Problem statement:
From the records below, copy each line that has the word "SUBTRACT" in it.

Raw data:
****************
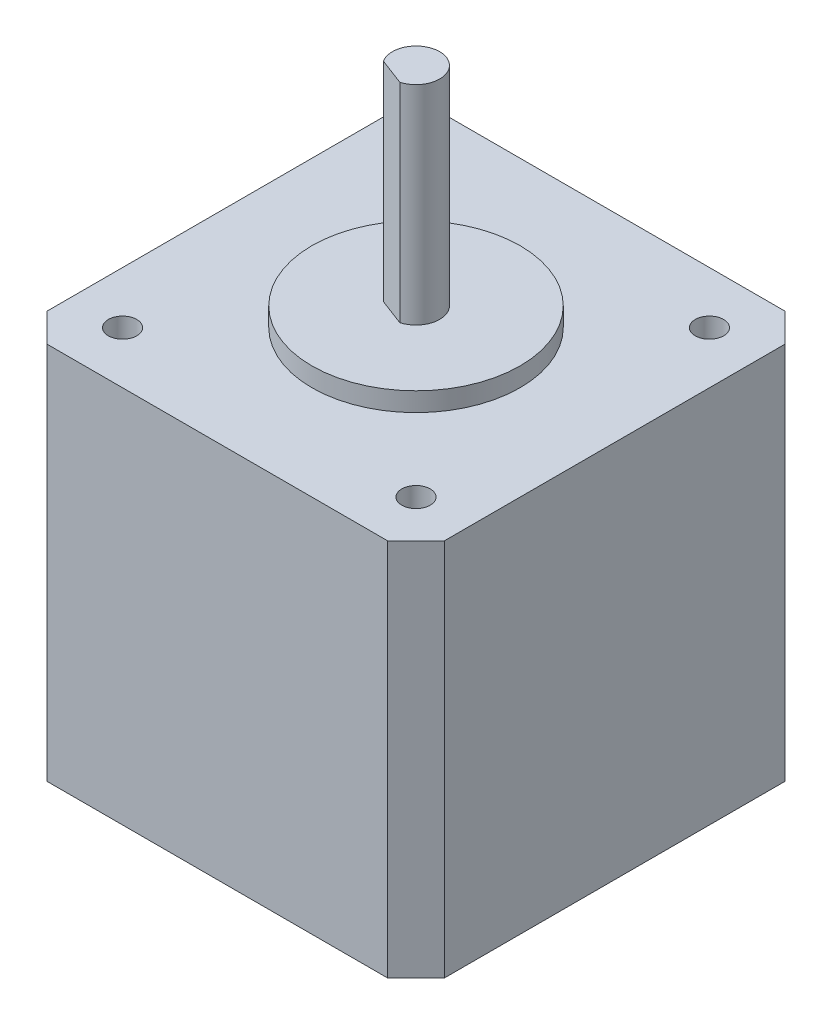
from build123d import *

# Parameters (mm, degrees)
SKETCH1_W               = 42
SKETCH1_H               = 42
BOSS_EXTRUDE1_DEPTH     = 40
CHAMFER1_SIZE           = 3
SKETCH2_R               = 11
BOSS_EXTRUDE2_DEPTH     = 2
SKETCH3_R               = 2.5
BOSS_EXTRUDE3_DEPTH     = 22
CUT_EXTRUDE1_DEPTH      = 88.315519812
CUT_EXTRUDE1_DEPTH_BACK = 22
SKETCH5_R               = 1.5
CUT_EXTRUDE2_DEPTH      = 10


with BuildPart() as part:
    # Sketch1 → Boss-Extrude1 (new body)
    with BuildSketch(Plane(origin=(0, 0, 0), x_dir=(1, 0, 0), z_dir=(0, 1, 0))):
        with Locations((21, 21)):
            Rectangle(SKETCH1_W, SKETCH1_H)
    extrude(amount=BOSS_EXTRUDE1_DEPTH)

    # Chamfer1
    chamfer1_edges = [part.edges().sort_by_distance(p)[0] for p in [
        (0, 20, -42),
        (42, 20, -42),
        (42, 20, 0),
        (0, 20, 0),
    ]]
    chamfer(chamfer1_edges, length=CHAMFER1_SIZE)

    # Sketch2 → Boss-Extrude2 (add)
    with BuildSketch(Plane(origin=(0, 40, 0), x_dir=(1, 0, 0), z_dir=(0, 1, 0))):
        with Locations(Location((21, 21, 0), (0, 0, 270))):
            Circle(SKETCH2_R)
    extrude(amount=BOSS_EXTRUDE2_DEPTH)

    # Sketch3 → Boss-Extrude3 (add)
    with BuildSketch(Plane(origin=(0, 42, 0), x_dir=(1, 0, 0), z_dir=(0, 1, 0))):
        with Locations(Location((21, 21, 0), (0, 0, 270))):
            Circle(SKETCH3_R)
    extrude(amount=BOSS_EXTRUDE3_DEPTH)

    # Sketch4 → Cut-Extrude1 (cut, two sides: drawn at the far end of the back side and taken through both)
    with BuildSketch(Plane(origin=(0, 64, 0), x_dir=(1, 0, 0), z_dir=(0, 1, 0)).offset(-CUT_EXTRUDE1_DEPTH_BACK)):
        Polygon((91.105119446, -7.851665626), (21.689600393, 18.596991199), (18.886199661, 19.665141159), (-50.529319392, 46.113797983), (-103.426633041, -92.717240123), (38.207805797, -146.682703732), align=None)
    extrude(amount=CUT_EXTRUDE1_DEPTH + CUT_EXTRUDE1_DEPTH_BACK, mode=Mode.SUBTRACT)

    # Sketch5 → Cut-Extrude2 (cut)
    with BuildSketch(Plane(origin=(0, 40, 0), x_dir=(1, 0, 0), z_dir=(0, 1, 0))):
        with Locations(Location((36.5, 36.5, 0), (0, 0, 270))):
            Circle(SKETCH5_R)
        with Locations(Location((36.5, 5.5, 0), (0, 0, 270))):
            Circle(SKETCH5_R)
        with Locations(Location((5.5, 5.5, 0), (0, 0, 270))):
            Circle(SKETCH5_R)
        with Locations(Location((5.5, 36.5, 0), (0, 0, 270))):
            Circle(SKETCH5_R)
    extrude(amount=-CUT_EXTRUDE2_DEPTH, mode=Mode.SUBTRACT)


solid = part.part
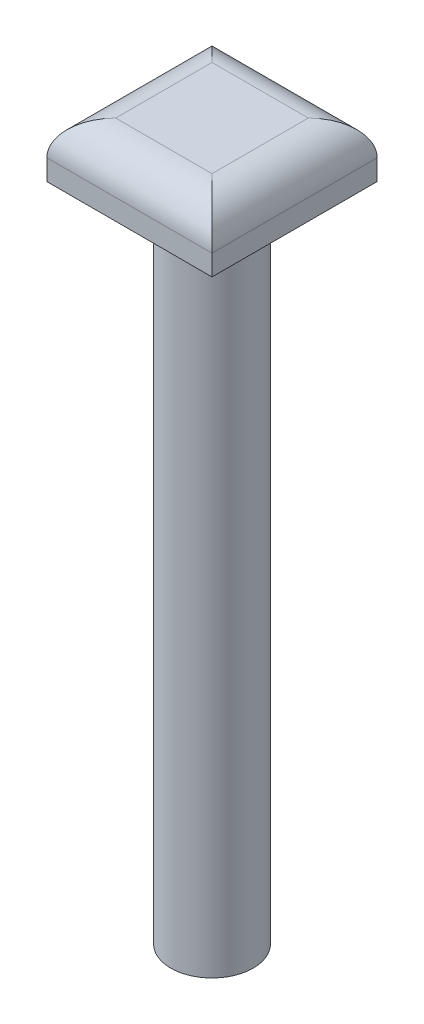
from build123d import *

# Parameters (mm, degrees)
SKETCH3_W           = 24
SKETCH3_H           = 24
BOSS_EXTRUDE1_DEPTH = 8
FILLET1_R           = 5


with BuildPart() as part:
    # Sketch1 → Revolve1 (revolve)
    with BuildSketch(Plane.XY, mode=Mode.PRIVATE) as revolve1_sk:
        Polygon((0, 56), (-12, 56), (-12, 48), (-6, 48), (-6, -48), (0, -48), align=None)
    revolve(revolve1_sk.sketch.rotate(Axis((0, -48, 0), (0, 1, 0)), 180), axis=Axis((0, -48, 0), (0, 1, 0)))

    # Sketch3 → Boss-Extrude1 (add)
    with BuildSketch(Plane.XZ.offset(-48)):
        Rectangle(SKETCH3_W, SKETCH3_H)
    extrude(amount=-BOSS_EXTRUDE1_DEPTH)

    # Fillet1
    fillet1_edges = [part.edges().sort_by_distance(p)[0] for p in [
        (-12, 56, 0),
        (0, 56, 12),
        (12, 56, 0),
        (0, 56, -12),
    ]]
    fillet(fillet1_edges, radius=FILLET1_R)


solid = part.part
****************
Solution to this exercise:
    extrude(amount=CUT_EXTRUDE1_DEPTH + CUT_EXTRUDE1_DEPTH_BACK, mode=Mode.SUBTRACT)
    extrude(amount=-CUT_EXTRUDE2_DEPTH, mode=Mode.SUBTRACT)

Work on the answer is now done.